Quant à la matière et à la forme des habits, la bienséance résulte de plusieurs circonstances: du temps, de l'âge, des qualités, des compagnies et des occasions. On se pare ordinairement mieux les jours de fête, selon la grandeur du jour qu'on célèbre; dans les temps consacrés à la pénitence, comme le carême, l'on se néglige beaucoup; dans les noces, on porte des robes nuptiales; dans les assemblées funèbres, des robes de deuil; auprès des princes on rehausse son état; dans l'intérieur de la famille on doit l'oublier; la femme mariée peut et doit se parer, quand elle est avec son mari et qu'elle sait qu'il le désire; mais si elle fait de même pendant son absence, on lui demandera à quoi bon tant de soin et de recherche. On permet plus d'ajustement aux filles, parce qu'il leur est permis de vouloir plaire à plusieurs, quoique ce ne soit qu'afin d'en gagner un par un saint mariage.
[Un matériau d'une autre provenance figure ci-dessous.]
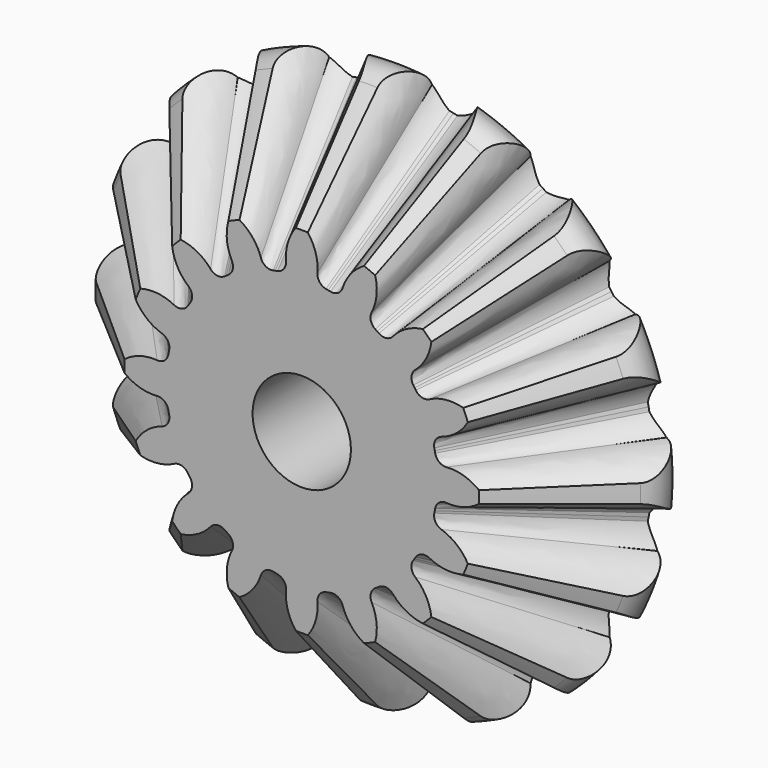
from build123d import *

# Parameters (mm, degrees)
F2_R             = 13
F3_DEPTH         = 0.05
F5_DEPTH         = 0.05
F7_DEPTH         = 0.05
F24_COPIES_COUNT = 16
F25_T2_ANGLE     = 65.4289068252
F25_T4_ANGLE     = 65.4289068252
F25_T6_ANGLE     = 65.4289068252
F25_T8_ANGLE     = 65.4289068252
F25_T10_ANGLE    = 65.4289068252
F25_T12_ANGLE    = 65.4289068252
F25_T14_ANGLE    = 65.4289068252
F25_T16_ANGLE    = 65.4289068252
F25_T18_ANGLE    = 65.4289068252
F25_T20_ANGLE    = 65.4289068252
F25_T22_ANGLE    = 65.4289068252
F25_T24_ANGLE    = 65.4289068252
F25_T26_ANGLE    = 65.4289068252
F25_T28_ANGLE    = 65.4289068252
F25_T30_ANGLE    = 65.4289068252
F25_T32_ANGLE    = 65.4289068252
F26_R            = 4.7625
F27_DEPTH        = 12.7510001
F28_R            = 38.1
F29_DEPTH        = 0.254


# Not quite as in the source:
# - a fillet or chamfer that OpenCascade refuses, or shapes differently, is made with other operations: its cross-section is extruded or revolved along the edge and cut away or added
# - a pattern or mirror of a feature is missing from the dataset's text; its kind, count and spacing are read off the source's solid


with BuildPart() as f3:
    # F2 (on Front) → F3 (new body, symmetric)
    with BuildSketch(Plane.XZ):
        Circle(F2_R)
    extrude(amount=F3_DEPTH, both=True)



with BuildPart() as f5:
    # F4 (on Front) → F5 (new body, symmetric)
    with BuildSketch(Plane.XZ):
        with BuildLine():
            ThreePointArc((-1.3290517168, 12.9318839128), (0, 13), (1.3290517168, 12.9318839128))
            ThreePointArc((1.3290517168, 12.9318839128), (1.4474573198, 15.0526353047), (0.5771423279, 16.9902003147))
            ThreePointArc((0.5771423279, 16.9902003147), (0, 17), (-0.5771423279, 16.9902003147))
            ThreePointArc((-0.5771423279, 16.9902003147), (-1.4474573198, 15.0526353047), (-1.3290517168, 12.9318839128))
        make_face()
    extrude(amount=F5_DEPTH, both=True)


with BuildPart() as f3_1:
    add(f3.part)

    add(f5.part)  # F7 merges F5
    # F6 (on Front) → F7 (join, symmetric)
    with BuildSketch(Plane.XZ):
        with BuildLine():
            ThreePointArc((2.3243525127, 12.790519356), (1.7091695194, 13.1664607203), (1.5066827152, 13.8584008323))
            Line((1.5066827152, 13.8584008323), (-1.5066827152, 13.8584008323))
            ThreePointArc((-1.5066827152, 13.8584008323), (-1.7091695194, 13.1664607203), (-2.3243525127, 12.790519356))
            ThreePointArc((-2.3243525127, 12.790519356), (0, 13), (2.3243525127, 12.790519356))
        make_face()
    extrude(amount=F7_DEPTH, both=True)

    # F22 (on offset) → F24 section 0
    with BuildSketch(Plane.XZ.offset(-12.7)):
        with BuildLine():
            ThreePointArc((2.78827014, 25.646385161), (2.3652860838, 28.6627474273), (1.0672485374, 31.4181884738))
            ThreePointArc((1.0672485374, 31.4181884738), (0, 31.43631), (-1.0672485374, 31.4181884738))
            ThreePointArc((-1.0672485374, 31.4181884738), (-2.3652860838, 28.6627474273), (-2.78827014, 25.646385161))
            ThreePointArc((-2.78827014, 25.646385161), (-3.4025350819, 24.5496706606), (-4.3016398601, 23.6711977172))
            ThreePointArc((-4.3016398601, 23.6711977172), (-4.497801929, 23.6347093204), (-4.6936546465, 23.596595367))
            Line((-4.6936546465, 23.596595367), (0, 0))
            Line((0, 0), (4.6936546465, 23.596595367))
            ThreePointArc((4.6936546465, 23.596595367), (4.497801929, 23.6347093204), (4.3016398601, 23.6711977172))
            ThreePointArc((4.3016398601, 23.6711977172), (3.4025350819, 24.5496706606), (2.78827014, 25.646385161))
        make_face()
    # F23 (on face) → F24 section 1
    with BuildSketch(Plane(origin=(0, 0.05, 0), x_dir=(-1, 0, 0), z_dir=(0, 1, 0))):
        with BuildLine():
            ThreePointArc((-0.5771423279, 16.9902003147), (-1.3370779818, 15.5119077839), (-1.5066827152, 13.8584008323))
            ThreePointArc((-1.5066827152, 13.8584008323), (-1.7091695194, 13.1664607203), (-2.3243525127, 12.790519356))
            ThreePointArc((-2.3243525127, 12.790519356), (-2.4303469271, 12.7708031781), (-2.5361741862, 12.7502086452))
            Line((-2.5361741862, 12.7502086452), (0, 0))
            Line((0, 0), (2.5361741862, 12.7502086452))
            ThreePointArc((2.5361741862, 12.7502086452), (2.4303469271, 12.7708031781), (2.3243525127, 12.790519356))
            ThreePointArc((2.3243525127, 12.790519356), (1.7091695194, 13.1664607203), (1.5066827152, 13.8584008323))
            ThreePointArc((1.5066827152, 13.8584008323), (1.3370779818, 15.5119077839), (0.5771423279, 16.9902003147))
            ThreePointArc((0.5771423279, 16.9902003147), (0, 17), (-0.5771423279, 16.9902003147))
        make_face()
    f24 = loft()

    # F24_copies: F24 ×16 about axis
    f24_copies_axis = Axis((0, 0, 0), (0, 1, 0))
    for i in range(1, F24_COPIES_COUNT):
        add(f24.rotate(f24_copies_axis, i * 360 / F24_COPIES_COUNT))

    # F25: fillet of radius 2.54 on 16 edges, made by hand

    # F25_s1 → F25_t2 (revolve, cut)
    with BuildSketch(Plane(origin=(0, 0, 0), x_dir=(0, 1, 0), z_dir=(0.8413744743, 0, -0.5404525825))):
        with BuildLine():
            ThreePointArc((8.2496511104, 26.3575261124), (11.0542353774, 27.0609401953), (12.7, 24.6835586336))
            Line((12.7, 24.6835586336), (12.7, 31.43631))
            Line((12.7, 31.43631), (8.2496511104, 26.3575261124))
        make_face()
    revolve(axis=Axis((0, 12.7, 0), (0, -1, 0)), revolution_arc=F25_T2_ANGLE, mode=Mode.SUBTRACT)

    # F25_s3 → F25_t4 (revolve, cut)
    with BuildSketch(Plane(origin=(0, 0, 0), x_dir=(0, 1, 0), z_dir=(0.5705064067, 0, -0.821293151))):
        with BuildLine():
            ThreePointArc((12.7, 24.6835586336), (11.0542353774, 27.0609401953), (8.2496511104, 26.3575261124))
            Line((8.2496511104, 26.3575261124), (12.7, 31.43631))
            Line((12.7, 31.43631), (12.7, 24.6835586336))
        make_face()
    revolve(axis=Axis((0, 12.7, 0), (0, -1, 0)), revolution_arc=F25_T4_ANGLE, mode=Mode.SUBTRACT)

    # F25_s5 → F25_t6 (revolve, cut)
    with BuildSketch(Plane(origin=(0, 0, 0), x_dir=(0, 1, 0), z_dir=(0.2127839103, 0, -0.9770992823))):
        with BuildLine():
            ThreePointArc((12.7, 24.6835586336), (11.0542353774, 27.0609401953), (8.2496511104, 26.3575261124))
            Line((8.2496511104, 26.3575261124), (12.7, 31.43631))
            Line((12.7, 31.43631), (12.7, 24.6835586336))
        make_face()
    revolve(axis=Axis((0, 12.7, 0), (0, -1, 0)), revolution_arc=F25_T6_ANGLE, mode=Mode.SUBTRACT)

    # F25_s7 → F25_t8 (revolve, cut)
    with BuildSketch(Plane(origin=(0, 0, 0), x_dir=(0, 1, 0), z_dir=(-0.1773330075, 0, -0.9841509053))):
        with BuildLine():
            ThreePointArc((12.7, 24.6835586336), (11.0542353774, 27.0609401953), (8.2496511104, 26.3575261124))
            Line((8.2496511104, 26.3575261124), (12.7, 31.43631))
            Line((12.7, 31.43631), (12.7, 24.6835586336))
        make_face()
    revolve(axis=Axis((0, 12.7, 0), (0, -1, 0)), revolution_arc=F25_T8_ANGLE, mode=Mode.SUBTRACT)

    # F25_s9 → F25_t10 (revolve, cut)
    with BuildSketch(Plane(origin=(0, 0, 0), x_dir=(0, 1, 0), z_dir=(-0.5404525825, 0, -0.8413744743))):
        with BuildLine():
            ThreePointArc((12.7, 24.6835586336), (11.0542353774, 27.0609401953), (8.2496511104, 26.3575261124))
            Line((8.2496511104, 26.3575261124), (12.7, 31.43631))
            Line((12.7, 31.43631), (12.7, 24.6835586336))
        make_face()
    revolve(axis=Axis((0, 12.7, 0), (0, -1, 0)), revolution_arc=F25_T10_ANGLE, mode=Mode.SUBTRACT)

    # F25_s11 → F25_t12 (revolve, cut)
    with BuildSketch(Plane(origin=(0, 0, 0), x_dir=(0, 1, 0), z_dir=(-0.821293151, 0, -0.5705064067))):
        with BuildLine():
            ThreePointArc((12.7, 24.6835586336), (11.0542353774, 27.0609401953), (8.2496511104, 26.3575261124))
            Line((8.2496511104, 26.3575261124), (12.7, 31.43631))
            Line((12.7, 31.43631), (12.7, 24.6835586336))
        make_face()
    revolve(axis=Axis((0, 12.7, 0), (0, -1, 0)), revolution_arc=F25_T12_ANGLE, mode=Mode.SUBTRACT)

    # F25_s13 → F25_t14 (revolve, cut)
    with BuildSketch(Plane(origin=(0, 0, 0), x_dir=(0, 1, 0), z_dir=(-0.9770992823, 0, -0.2127839103))):
        with BuildLine():
            ThreePointArc((12.7, 24.6835586336), (11.0542353774, 27.0609401953), (8.2496511104, 26.3575261124))
            Line((8.2496511104, 26.3575261124), (12.7, 31.43631))
            Line((12.7, 31.43631), (12.7, 24.6835586336))
        make_face()
    revolve(axis=Axis((0, 12.7, 0), (0, -1, 0)), revolution_arc=F25_T14_ANGLE, mode=Mode.SUBTRACT)

    # F25_s15 → F25_t16 (revolve, cut)
    with BuildSketch(Plane(origin=(0, 0, 0), x_dir=(0, 1, 0), z_dir=(-0.9841509053, 0, 0.1773330075))):
        with BuildLine():
            ThreePointArc((12.7, 24.6835586336), (11.0542353774, 27.0609401953), (8.2496511104, 26.3575261124))
            Line((8.2496511104, 26.3575261124), (12.7, 31.43631))
            Line((12.7, 31.43631), (12.7, 24.6835586336))
        make_face()
    revolve(axis=Axis((0, 12.7, 0), (0, -1, 0)), revolution_arc=F25_T16_ANGLE, mode=Mode.SUBTRACT)

    # F25_s17 → F25_t18 (revolve, cut)
    with BuildSketch(Plane(origin=(0, 0, 0), x_dir=(0, 1, 0), z_dir=(-0.8413744743, 0, 0.5404525825))):
        with BuildLine():
            ThreePointArc((12.7, 24.6835586336), (11.0542353774, 27.0609401953), (8.2496511104, 26.3575261124))
            Line((8.2496511104, 26.3575261124), (12.7, 31.43631))
            Line((12.7, 31.43631), (12.7, 24.6835586336))
        make_face()
    revolve(axis=Axis((0, 12.7, 0), (0, -1, 0)), revolution_arc=F25_T18_ANGLE, mode=Mode.SUBTRACT)

    # F25_s19 → F25_t20 (revolve, cut)
    with BuildSketch(Plane(origin=(0, 0, 0), x_dir=(0, 1, 0), z_dir=(-0.5705064067, 0, 0.821293151))):
        with BuildLine():
            ThreePointArc((12.7, 24.6835586336), (11.0542353774, 27.0609401953), (8.2496511104, 26.3575261124))
            Line((8.2496511104, 26.3575261124), (12.7, 31.43631))
            Line((12.7, 31.43631), (12.7, 24.6835586336))
        make_face()
    revolve(axis=Axis((0, 12.7, 0), (0, -1, 0)), revolution_arc=F25_T20_ANGLE, mode=Mode.SUBTRACT)

    # F25_s21 → F25_t22 (revolve, cut)
    with BuildSketch(Plane(origin=(0, 0, 0), x_dir=(0, 1, 0), z_dir=(-0.2127839103, 0, 0.9770992823))):
        with BuildLine():
            ThreePointArc((12.7, 24.6835586336), (11.0542353774, 27.0609401953), (8.2496511104, 26.3575261124))
            Line((8.2496511104, 26.3575261124), (12.7, 31.43631))
            Line((12.7, 31.43631), (12.7, 24.6835586336))
        make_face()
    revolve(axis=Axis((0, 12.7, 0), (0, -1, 0)), revolution_arc=F25_T22_ANGLE, mode=Mode.SUBTRACT)

    # F25_s23 → F25_t24 (revolve, cut)
    with BuildSketch(Plane(origin=(0, 0, 0), x_dir=(0, 1, 0), z_dir=(0.1773330075, 0, 0.9841509053))):
        with BuildLine():
            ThreePointArc((12.7, 24.6835586336), (11.0542353774, 27.0609401953), (8.2496511104, 26.3575261124))
            Line((8.2496511104, 26.3575261124), (12.7, 31.43631))
            Line((12.7, 31.43631), (12.7, 24.6835586336))
        make_face()
    revolve(axis=Axis((0, 12.7, 0), (0, -1, 0)), revolution_arc=F25_T24_ANGLE, mode=Mode.SUBTRACT)

    # F25_s25 → F25_t26 (revolve, cut)
    with BuildSketch(Plane(origin=(0, 0, 0), x_dir=(0, 1, 0), z_dir=(0.5404525825, 0, 0.8413744743))):
        with BuildLine():
            ThreePointArc((12.7, 24.6835586336), (11.0542353774, 27.0609401953), (8.2496511104, 26.3575261124))
            Line((8.2496511104, 26.3575261124), (12.7, 31.43631))
            Line((12.7, 31.43631), (12.7, 24.6835586336))
        make_face()
    revolve(axis=Axis((0, 12.7, 0), (0, -1, 0)), revolution_arc=F25_T26_ANGLE, mode=Mode.SUBTRACT)

    # F25_s27 → F25_t28 (revolve, cut)
    with BuildSketch(Plane(origin=(0, 0, 0), x_dir=(0, 1, 0), z_dir=(0.821293151, 0, 0.5705064067))):
        with BuildLine():
            ThreePointArc((12.7, 24.6835586336), (11.0542353774, 27.0609401953), (8.2496511104, 26.3575261124))
            Line((8.2496511104, 26.3575261124), (12.7, 31.43631))
            Line((12.7, 31.43631), (12.7, 24.6835586336))
        make_face()
    revolve(axis=Axis((0, 12.7, 0), (0, -1, 0)), revolution_arc=F25_T28_ANGLE, mode=Mode.SUBTRACT)

    # F25_s29 → F25_t30 (revolve, cut)
    with BuildSketch(Plane(origin=(0, 0, 0), x_dir=(0, 1, 0), z_dir=(0.9770992823, 0, 0.2127839103))):
        with BuildLine():
            ThreePointArc((12.7, 24.6835586336), (11.0542353774, 27.0609401953), (8.2496511104, 26.3575261124))
            Line((8.2496511104, 26.3575261124), (12.7, 31.43631))
            Line((12.7, 31.43631), (12.7, 24.6835586336))
        make_face()
    revolve(axis=Axis((0, 12.7, 0), (0, -1, 0)), revolution_arc=F25_T30_ANGLE, mode=Mode.SUBTRACT)

    # F25_s31 → F25_t32 (revolve, cut)
    with BuildSketch(Plane(origin=(0, 0, 0), x_dir=(0, 1, 0), z_dir=(0.9841509053, 0, -0.1773330075))):
        with BuildLine():
            ThreePointArc((12.7, 24.6835586336), (11.0542353774, 27.0609401953), (8.2496511104, 26.3575261124))
            Line((8.2496511104, 26.3575261124), (12.7, 31.43631))
            Line((12.7, 31.43631), (12.7, 24.6835586336))
        make_face()
    revolve(axis=Axis((0, 12.7, 0), (0, -1, 0)), revolution_arc=F25_T32_ANGLE, mode=Mode.SUBTRACT)

    # F26 (on face) → F27 (cut, through all)
    with BuildSketch(Plane.XZ.offset(0.05)):
        Circle(F26_R)
    extrude(amount=-F27_DEPTH, mode=Mode.SUBTRACT)

    # F28 (on face) → F29 (cut)
    with BuildSketch(Plane.XZ.offset(0.05)):
        Circle(F28_R)
    extrude(amount=-F29_DEPTH, mode=Mode.SUBTRACT)


solid = f3_1.part

On ne trouve pas non plus mauvais que les veuves à marier se parent un peu, pourvu qu'elles ne se donnent point les airs de la première jeunesse: d'autant qu'ayant déjà passé par l'état du mariage, et les regrets du veuvage, on s'attend à les trouver d'un esprit mûr et rassis. Mais quant aux vraies veuves, c'est-à-dire celles qui le sont vraiment de cœur, nul ornement ne leur est convenable, sinon l'humilité, la modestie et la dévotion. Car si elles veulent être recherchées, elles ne sont pas de vraies veuves; et si elles ne le veulent pas, pourquoi tant de prétentions? Qui ne veut point recevoir d'hôtes, n'a qu'à ôter l'enseigne de son logis. On se moque toujours des vieilles gens qui veulent faire les jolis; c'est une folie qui n'est supportable tout au plus que dans la jeunesse.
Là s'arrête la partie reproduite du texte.